*Exercise prompt*. Go through the records and count every line that holds "blocks". Only the number belongs in the reply.

Data records
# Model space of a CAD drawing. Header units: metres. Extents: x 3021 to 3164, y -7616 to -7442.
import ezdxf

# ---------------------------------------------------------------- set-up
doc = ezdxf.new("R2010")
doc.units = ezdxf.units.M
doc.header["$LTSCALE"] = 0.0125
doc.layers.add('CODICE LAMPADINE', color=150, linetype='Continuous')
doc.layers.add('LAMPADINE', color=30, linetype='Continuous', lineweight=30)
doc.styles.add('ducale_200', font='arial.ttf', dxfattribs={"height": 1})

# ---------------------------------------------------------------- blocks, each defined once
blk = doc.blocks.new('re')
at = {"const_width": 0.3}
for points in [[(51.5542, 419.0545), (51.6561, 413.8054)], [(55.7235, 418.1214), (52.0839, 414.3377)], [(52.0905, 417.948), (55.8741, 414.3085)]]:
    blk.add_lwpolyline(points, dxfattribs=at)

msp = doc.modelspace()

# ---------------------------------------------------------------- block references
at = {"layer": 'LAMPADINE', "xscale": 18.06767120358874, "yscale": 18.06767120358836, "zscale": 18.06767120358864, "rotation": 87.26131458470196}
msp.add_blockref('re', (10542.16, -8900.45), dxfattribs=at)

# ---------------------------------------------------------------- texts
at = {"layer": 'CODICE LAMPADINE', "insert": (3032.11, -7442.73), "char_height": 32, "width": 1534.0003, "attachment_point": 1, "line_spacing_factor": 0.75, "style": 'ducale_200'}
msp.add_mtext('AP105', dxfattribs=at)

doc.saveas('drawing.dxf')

*Exercise output*. 2